In contrast to Solomon’s lament in Ecclesiastes is Paul’s praise to God for the power and strength of deep living:

“Oh, the utter extravagance of his work in us who trust him—endless energy, boundless strength” (Ephesians 1:19, MSG)!

Deep living happens when we breathe in God’s strength with a prayer, his wisdom and encouragement with a scripture, his joy with a song.

Deep living happens when we practice his presence as automatically as we breathe.

And how do we do that, “practice his presence?”

By pausing frequently throughout each day, to turn our attention to God.
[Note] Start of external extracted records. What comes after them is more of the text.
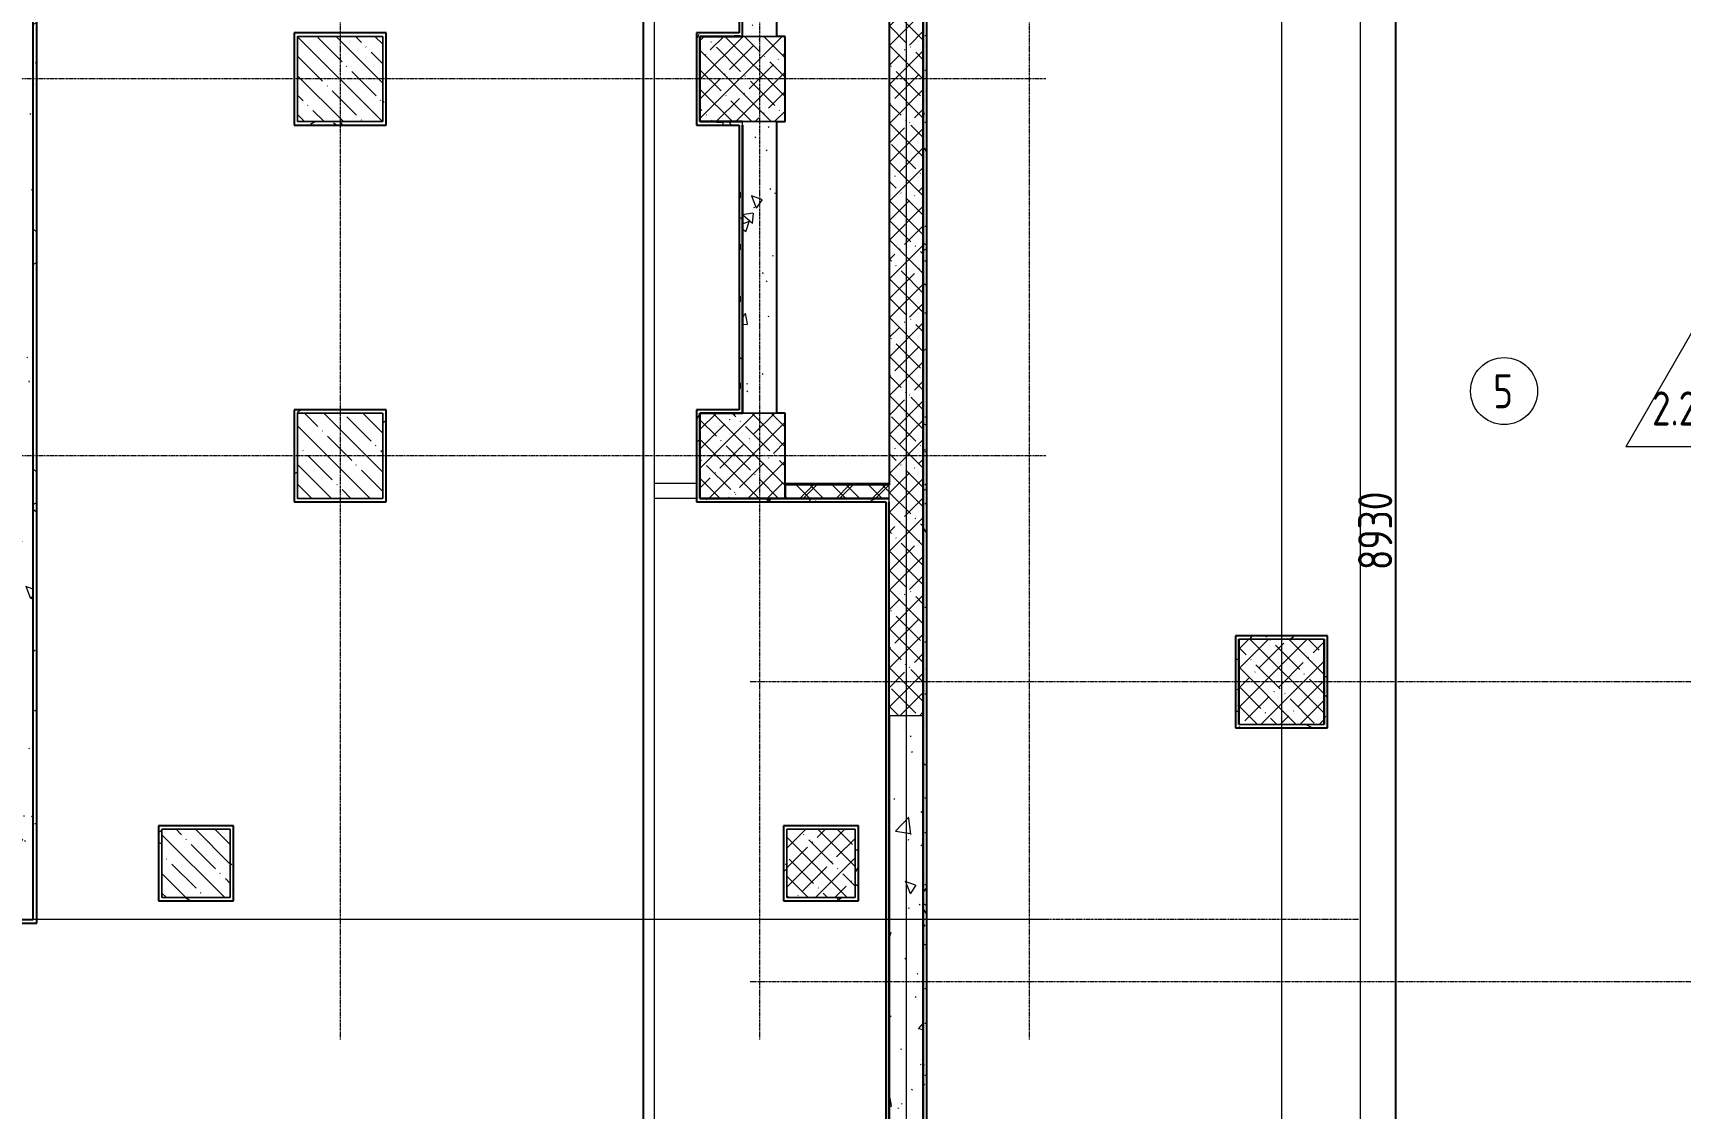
# Model space of a CAD drawing. Header units: millimetres. Extents: x -11854 to 4360091, y -19344 to 4989148.
# Drawn here: x 16721 to 26381, y 16047 to 22352 of the extents above; entities that cross this region are included whole.
import ezdxf

# ---------------------------------------------------------------- set-up
doc = ezdxf.new("R2010")
doc.units = ezdxf.units.MM
doc.linetypes.add('Линия сетки', pattern=[22.225, 12.7, -3.175, 3.175, -3.175])
doc.layers.get('0').update_dxf_attribs({"color": 254})
doc.layers.get('Defpoints').update_dxf_attribs({"color": 254})
for name, color, linetype, lineweight in [('A-ANNO-DIMS', 254, 'Continuous', 9), ('A-AREA-IDEN', 254, 'Continuous', 9), ('A-DETL', 254, 'Continuous', 9), ('A-FLOR', 254, 'Continuous', 9), ('A-WALL', 254, 'Continuous', 9), ('S-GRID', 254, 'Continuous', 9)]:
    doc.layers.add(name, color=color, linetype=linetype, lineweight=lineweight)
doc.styles.add('ISOCPEUR', font='isocpeur.ttf', dxfattribs={"width": 0.8, "height": 200})
doc.styles.add('ISOCPEUR_B', font='', dxfattribs={"width": 0.8, "height": 200})
doc.styles.get('ISOCPEUR_B').set_extended_font_data('ISOCPEUR', bold=True)
doc.dimstyles.new('2_0_мм_ISOCPEUR', dxfattribs={"dimscale": 304.8, "dimtxt": 199.196235, "dimasz": 0.656168, "dimexe": 0.459318, "dimexo": 0.625, "dimgap": 0.065617, "dimtad": 1, "dimdec": 0, "dimtxsty": 'ISOCPEUR', "dimblk1": 'OBLIQUE', "dimblk2": 'OBLIQUE', "dimsah": 1, "dimcen": 2.5, "dimdle": 0.164042, "dimazin": 3, "dimtfac": 1, "dimtix": 1, "dimtmove": 0, "dimatfit": 3, "dimfxl": 0.787402, "dimfxlon": 1, "dimtvp": 1, "dimarcsym": 2})
doc.dimstyles.new('2_0_мм_ISOCPEUR_1', dxfattribs={"dimscale": 304.8, "dimtxt": 199.196235, "dimasz": 0.656168, "dimexe": 0.459318, "dimexo": 0.625, "dimgap": 0.065617, "dimtad": 1, "dimdec": 0, "dimtxsty": 'ISOCPEUR', "dimblk1": 'OBLIQUE', "dimblk2": 'OBLIQUE', "dimsah": 1, "dimcen": 2.5, "dimdle": 0.164042, "dimazin": 3, "dimtfac": 1, "dimtix": 1, "dimtmove": 1, "dimatfit": 3, "dimfxl": 0.787402, "dimfxlon": 1, "dimtvp": 1, "dimarcsym": 2})
pattern_1 = [(45, (542041.67, 20914.14), (-114.049253, 114.049253), []), (45, (542155.72, 20914.14), (-114.049253, 114.049253), [201.613, -40.323, 3.353, -36.97])]
pattern_2 = [(50, (542041.7, 20914.14), (728.7365, -63.7558), [76.2, -838.2]), (355, (542041.7, 20914.14), (-140.9716, 764.2276), [60.96, -670.56]), (100.451, (542102.4, 20908.8), (587.77, 700.46675), [64.76, -712.36]), (46.184, (542041.7, 21117.3), (1084.3162, -168.171), [114.3, -1257.3]), (96.636, (542132, 21103.3), (949.61, 989.7098), [97.14, -1068.54]), (351.184, (542041.7, 21117.3), (949.6206, 989.7012), [91.44, -1005.84]), (21, (542143.3, 21066.54), (606.4579, -409.06057), [76.2, -838.2]), (326, (542143.3, 21066.54), (247.2083, 736.7529), [60.96, -670.56]), (71.451, (542193.8, 21032.46), (853.66825, 327.6855), [64.76, -712.36]), (37.5, (542041.67, 20914.14), (12.35469, 338.22012), [6.706, -655.726, 6.706, -674.014, -673.1]), (37.5, (542041.67, 20914.14), (12.35469, 338.22012), [-1343.152, 6.706, -666.394]), (7.5, (542041.67, 20914.14), (267.27887, 400.72213), [6.706, -381.406, 6.706, -640.486, -256.54]), (7.5, (542041.67, 20914.14), (267.27887, 400.72213), [-1035.304, 6.706, -249.834]), (327.5, (541815.1, 20914.14), (542.36333, -22.91534), [6.706, -247.294, 6.706, -785.774, -1051.56]), (327.5, (541815.1, 20914.14), (542.36333, -22.91534), [-1046.48, 6.706, -1044.854]), (317.5, (541713.5, 20914.14), (592.51696, 101.7071), [6.706, -323.494, 6.706, -519.582, -746.76]), (317.5, (541713.5, 20914.14), (592.51696, 101.7071), [-856.488, 6.706, -740.054])]
pattern_3 = [(0, (542041.67, 20914.14), (406.4, 101.6), [33.528, -271.272, 33.528, -271.272, -1625.6]), (0, (542041.67, 20914.14), (406.4, 101.6), [-609.6, 33.528, -576.072, 33.528, -271.272, -711.2]), (0, (542041.67, 20914.14), (406.4, 101.6), [-1524, 33.528, -169.672, 33.528, -474.472]), (120, (542194.07, 20964.94), (-291.188181, 301.152724), [33.528, -271.272, 33.528, -1896.872]), (120, (542194.07, 20964.94), (-291.188181, 301.152724), [-338.328, -271.272, 33.528, -576.072, -1016]), (120, (542194.07, 20964.94), (-291.188181, 301.152724), [-1219.2, 33.528, -271.272, 33.528, -677.672]), (120, (542194.07, 20964.94), (-291.188181, 301.152724), [-1557.528, -169.672, 33.528, -474.472]), (240, (542244.87, 21168.14), (-115.211819, -402.752724), [33.528, -271.272, 33.528, -1896.872]), (240, (542244.87, 21168.14), (-115.211819, -402.752724), [-338.328, -271.272, 33.528, -576.072, -1016]), (240, (542244.87, 21168.14), (-115.211819, -402.752724), [-1219.2, 33.528, -271.272, 33.528, -677.672]), (240, (542244.87, 21168.14), (-115.211819, -402.752724), [-1557.528, -169.672, 33.528, -474.472])]
pattern_4 = [(135, (23409.34, 513535.32), (-114.049253, -114.049253), []), (135, (23409.34, 513649.37), (-114.049253, -114.049253), [201.612, -40.322, 3.353, -36.97])]
pattern_5 = [(140, (23409.34, 513535.3), (63.7558, 728.7365), [76.2, -838.2]), (85, (23409.34, 513535.3), (-764.2276, -140.9716), [60.96, -670.56]), (190.451, (23414.65, 513596.05), (-700.4668, 587.77), [64.76, -712.36]), (136.184, (23206.1, 513535.3), (168.171, 1084.3162), [114.3, -1257.3]), (186.636, (23220.2, 513625.7), (-989.7098, 949.61), [97.14, -1068.54]), (81.184, (23206.1, 513535.3), (-989.7012, 949.6206), [91.44, -1005.84]), (111, (23256.94, 513636.9), (409.0606, 606.4579), [76.2, -838.2]), (56, (23256.94, 513636.9), (-736.7529, 247.2083), [60.96, -670.56]), (161.451, (23291, 513687.46), (-327.6855, 853.6683), [64.76, -712.36]), (127.5, (23409.34, 513535.32), (-338.22012, 12.3547), [6.706, -655.726, 6.706, -674.014, -673.1]), (127.5, (23409.34, 513535.32), (-338.22012, 12.3547), [-1343.152, 6.706, -666.394]), (97.5, (23409.34, 513535.32), (-400.72213, 267.27887), [6.706, -381.406, 6.706, -640.486, -256.54]), (97.5, (23409.34, 513535.32), (-400.72213, 267.27887), [-1035.304, 6.706, -249.834]), (57.5, (23409.34, 513308.76), (22.91534, 542.36333), [6.706, -247.294, 6.706, -1837.334]), (57.5, (23409.34, 513308.76), (22.91534, 542.36333), [-260.706, -785.774, 6.706, -1044.854]), (47.5, (23409.34, 513207.16), (-101.7071, 592.51696), [6.706, -323.494, 6.706, -1266.342]), (47.5, (23409.34, 513207.16), (-101.7071, 592.51696), [-336.906, -519.582, 6.706, -740.054])]
pattern_6 = [(90, (23409.34, 513535.32), (-101.6, 406.4), [33.528, -271.272, 33.528, -271.272, -1625.6]), (90, (23409.34, 513535.32), (-101.6, 406.4), [-609.6, 33.528, -576.072, 33.528, -271.272, -711.2]), (90, (23409.34, 513535.32), (-101.6, 406.4), [-1524, 33.528, -169.672, 33.528, -474.472]), (210, (23358.54, 513687.72), (-301.152724, -291.188181), [33.528, -271.272, 33.528, -1896.872]), (210, (23358.54, 513687.72), (-301.152724, -291.188181), [-338.328, -271.272, 33.528, -576.072, -1016]), (210, (23358.54, 513687.72), (-301.152724, -291.188181), [-1219.2, 33.528, -271.272, 33.528, -677.672]), (210, (23358.54, 513687.72), (-301.152724, -291.188181), [-1557.528, -169.672, 33.528, -474.472]), (330, (23155.34, 513738.52), (402.752724, -115.211819), [33.528, -271.272, 33.528, -1896.872]), (330, (23155.34, 513738.52), (402.752724, -115.211819), [-338.328, -271.272, 33.528, -576.072, -1016]), (330, (23155.34, 513738.52), (402.752724, -115.211819), [-1219.2, 33.528, -271.272, 33.528, -677.672]), (330, (23155.34, 513738.52), (402.752724, -115.211819), [-1557.528, -169.672, 33.528, -474.472])]

# ---------------------------------------------------------------- blocks, each defined once
blk = doc.blocks.new('АР-Марка-Помещения-Этаж_Секция_Номер - Номер-1294543-1В')
at = {"layer": 'A-AREA-IDEN'}
blk.add_circle((0, 1.219), 1.965, dxfattribs=at)
blk = doc.blocks.new('_Oblique')
at = {"color": 0, "linetype": 'ByBlock', "lineweight": -2}
blk.add_line((-0.5, -0.5), (0.5, 0.5), dxfattribs=at)
blk = doc.blocks.new('*D865')
at = {"layer": 'A-ANNO-DIMS', "color": 0, "lineweight": -2, "transparency": 16777216}
for p, q in [((24492.1, 23897.4), (24853, 23897.4)), ((24713, 14917.4), (24713, 23947.4)), ((24492.1, 14967.4), (24853, 14967.4))]:
    blk.add_line(p, q, dxfattribs=at)
at = {"layer": 'Defpoints', "color": 0, "transparency": 16777216}
for p in [(24473, 23897.4), (24713, 23897.4), (24473, 14967.4)]:
    blk.add_point(p, dxfattribs=at)
at = {"layer": 'A-ANNO-DIMS', "color": 0, "lineweight": -2, "transparency": 16777216, "xscale": 200, "yscale": 200, "zscale": 200}
for p, rotation in [((24713, 23897.4), 90), ((24713, 14967.4), 270)]:
    blk.add_blockref('_Oblique', p, dxfattribs=dict(at, rotation=rotation))
at = {"layer": 'A-ANNO-DIMS', "color": 0, "transparency": 16777216, "insert": (24593, 19432.4), "char_height": 200, "width": 533.233, "attachment_point": 5, "rotation": 90, "style": 'ISOCPEUR'}
blk.add_mtext('\\A1;8930', dxfattribs=at)
blk = doc.blocks.new('МАРКА ПОМЕЩЕНИЯ - ПОЛЫ - МАРКА ПОМЕЩЕНИЯ - ПОЛЫ-6348053-1В')
at = {"layer": 'A-AREA-IDEN'}
for p, q in [((0, 4.233), (-3.855, -2.444)), ((0, 4.233), (3.855, -2.444)), ((3.855, -2.444), (-3.855, -2.444))]:
    blk.add_line(p, q, dxfattribs=at)
blk = doc.blocks.new('*D710')
at = {"layer": 'A-ANNO-DIMS', "color": 0, "lineweight": -2, "transparency": 16777216}
for p, q in [((20081.4, 24097.4), (20442.3, 24097.4)), ((20302.3, 2192.4), (20302.3, 24147.4)), ((20081.4, 2242.4), (20442.3, 2242.4))]:
    blk.add_line(p, q, dxfattribs=at)
at = {"layer": 'Defpoints', "color": 0, "transparency": 16777216}
for p in [(20062.3, 24097.4), (20302.3, 24097.4), (20062.3, 2242.4)]:
    blk.add_point(p, dxfattribs=at)
at = {"layer": 'A-ANNO-DIMS', "color": 0, "lineweight": -2, "transparency": 16777216, "xscale": 200, "yscale": 200, "zscale": 200}
for p, rotation in [((20302.3, 24097.4), 90), ((20302.3, 2242.4), 270)]:
    blk.add_blockref('_Oblique', p, dxfattribs=dict(at, rotation=rotation))
at = {"layer": 'A-ANNO-DIMS', "color": 0, "transparency": 16777216, "insert": (20182.3, 13169.9), "char_height": 200, "width": 629.767, "attachment_point": 5, "rotation": 90, "style": 'ISOCPEUR'}
blk.add_mtext('\\A1;21855', dxfattribs=at)

msp = doc.modelspace()

# ---------------------------------------------------------------- hatches: boundary and pattern name
at = {"layer": 'A-WALL'}
h = msp.add_hatch(dxfattribs=at)
h.set_pattern_fill('FP_2', color=8, angle=90, style=0, pattern_type=2)
h.set_pattern_definition(pattern_5)
h.paths.add_polyline_path([(16722.6, 26912.4), (16522.6, 26912.4), (16522.6, 17352.4), (16622.6, 17352.4), (16622.6, 17152.4), (16722.6, 17152.4), (16722.6, 26497.6)])
h = msp.add_hatch(dxfattribs=at)
h.set_pattern_fill('FP_5', color=8, style=0, pattern_type=2)
h.set_pattern_definition(pattern_3)
h.paths.add_polyline_path([(20862.6, 22332.4), (20882.6, 22332.4), (20882.6, 24417.4), (20862.6, 24417.4), (20862.6, 22352.4)])
h.paths.add_polyline_path([(20882.6, 25617.4), (20882.6, 25772.4), (20862.6, 25772.4), (20862.6, 25617.4)])
h = msp.add_hatch(dxfattribs=at)
h.set_pattern_fill('FP_4', color=8, angle=90, style=0, pattern_type=2)
h.set_pattern_definition(pattern_6)
h.paths.add_polyline_path([(20882.6, 24417.4), (20862.6, 24417.4), (20862.6, 22332.4), (20882.6, 22332.4), (20882.6, 24350.1)])
h.paths.add_polyline_path([(20882.6, 25617.4), (20882.6, 25772.4), (20862.6, 25772.4), (20862.6, 25617.4)])
h = msp.add_hatch(dxfattribs=at)
h.set_pattern_fill('FP_4', color=8, angle=90, style=0, pattern_type=2)
h.set_pattern_definition(pattern_6)
h.paths.add_polyline_path([(16742.6, 24097.4), (16722.6, 24097.4), (16722.6, 17152.4), (16742.6, 17152.4), (16742.6, 24077.4)])
h = msp.add_hatch(dxfattribs=at)
h.set_pattern_fill('FP_1', color=8, style=0, pattern_type=2)
h.set_pattern_definition(pattern_2)
h.paths.add_polyline_path([(21082.6, 20122.4), (21082.6, 21832.4), (20882.6, 21832.4), (20882.6, 20122.4)])
h.paths.add_polyline_path([(21082.6, 22332.4), (21082.6, 24057.4), (20882.6, 24057.4), (20882.6, 22332.4)])
h = msp.add_hatch(dxfattribs=at)
h.set_pattern_fill('FP_2', color=8, angle=90, style=0, pattern_type=2)
h.set_pattern_definition(pattern_5)
h.paths.add_polyline_path([(21082.6, 21832.4), (20882.6, 21832.4), (20882.6, 20122.4), (21082.6, 20122.4), (21082.6, 21486.7)])
h.paths.add_polyline_path([(21082.6, 24057.4), (20882.6, 24057.4), (20882.6, 22332.4), (21082.6, 22332.4), (21082.6, 22918.4)])
h = msp.add_hatch(dxfattribs=at)
h.set_pattern_fill('FP_5', color=8, style=0, pattern_type=2)
h.set_pattern_definition(pattern_3)
h.paths.add_polyline_path([(21962.6, 14967.4), (21962.6, 23897.4), (21942.6, 23897.4), (21942.6, 14967.4)])
h = msp.add_hatch(dxfattribs=at)
h.set_pattern_fill('FP_4', color=8, angle=90, style=0, pattern_type=2)
h.set_pattern_definition(pattern_6)
h.paths.add_polyline_path([(21962.6, 23897.4), (21942.6, 23897.4), (21942.6, 14967.4), (21962.6, 14967.4), (21962.6, 23634.3)])
h = msp.add_hatch(dxfattribs=at)
h.set_pattern_fill('FP_2', color=8, style=0, pattern_type=2)
h.set_pattern_definition(pattern_1)
h.paths.add_polyline_path([(21742.6, 18347.4), (21942.6, 18347.4), (21942.6, 22917.4), (21742.6, 22917.4), (21742.6, 19602.4)])
h = msp.add_hatch(dxfattribs=at)
h.set_pattern_fill('FP_1', color=8, angle=90, style=0, pattern_type=2)
h.set_pattern_definition(pattern_4)
h.paths.add_polyline_path([(21942.6, 22917.4), (21742.6, 22917.4), (21742.6, 18347.4), (21942.6, 18347.4), (21942.6, 21486.7)])
h = msp.add_hatch(dxfattribs=at)
h.set_pattern_fill('FP_4', color=8, angle=90, style=0, pattern_type=2)
h.set_pattern_definition(pattern_6)
h.paths.add_polyline_path([(18772.6, 22332.4), (18772.6, 22352.4), (18252.6, 22352.4), (18252.6, 22332.4), (18272.6, 22332.4)])
h = msp.add_hatch(dxfattribs=at)
h.set_pattern_fill('FP_1', color=8, angle=90, style=0, pattern_type=2)
h.set_pattern_definition(pattern_4)
h.paths.add_polyline_path([(18772.6, 22332.4), (18272.6, 22332.4), (18272.6, 21832.4), (18772.6, 21832.4)])
h = msp.add_hatch(dxfattribs=at)
h.set_pattern_fill('FP_4', color=8, angle=90, style=0, pattern_type=2)
h.set_pattern_definition(pattern_6)
h.paths.add_polyline_path([(18792.6, 21832.4), (18792.6, 22352.4), (18772.6, 22352.4), (18772.6, 21832.4)])
h = msp.add_hatch(dxfattribs=at)
h.set_pattern_fill('FP_5', color=8, style=0, pattern_type=2)
h.set_pattern_definition(pattern_3)
h.paths.add_polyline_path([(20862.6, 22332.4), (20862.6, 22352.4), (20612.6, 22352.4), (20612.6, 22332.4), (20632.6, 22332.4)])
h = msp.add_hatch(dxfattribs=at)
h.set_pattern_fill('FP_4', color=8, angle=90, style=0, pattern_type=2)
h.set_pattern_definition(pattern_6)
h.paths.add_polyline_path([(20862.6, 22332.4), (20862.6, 22352.4), (20612.6, 22352.4), (20612.6, 22332.4), (20632.6, 22332.4)])
h = msp.add_hatch(dxfattribs=at)
h.set_pattern_fill('FP_5', color=8, style=0, pattern_type=2)
h.set_pattern_definition(pattern_3)
h.paths.add_polyline_path([(20632.6, 21812.4), (20632.6, 22332.4), (20612.6, 22332.4), (20612.6, 21812.4)])
h = msp.add_hatch(dxfattribs=at)
h.set_pattern_fill('FP_2', color=8, style=0, pattern_type=2)
h.set_pattern_definition(pattern_1)
h.paths.add_polyline_path([(21132.6, 21832.4), (21132.6, 22332.4), (20632.6, 22332.4), (20632.6, 21832.4), (21082.6, 21832.4)])
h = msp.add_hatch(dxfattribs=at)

I might say such things as:

  • Thank You, Lord, for this new day. Work through me to accomplish your purpose.
  • I love you, Heavenly Father. Thank you for filling my heart with peace and joy every time I turn my attention to you.
  • Thank you for your power at work in me as I complete this task.
  • The wonders of your creation–graceful tree branches dancing in the breeze, lyrical songs of the mockingbirds, delicious aromas of pine and orange blossoms–They make my heart sing with praise!
  • Oh, Lord, I shouldn’t have spoken to Mary like that. Forgive me, I pray. Help me to think before I speak. And yes, I will apologize to her.

Refreshing. Energizing. Purifying. Like a deep breath of oxygen.

Shallow breathing causes a lesser quality of life. So does shallow living.

Deep breathing fosters strength of mind and body. Deep living does that and more.

Deep living radically transforms the spirit.

Let’s breathe/live deep!

* * * * * * * * * *

What deep living habits help you practice the presence of God?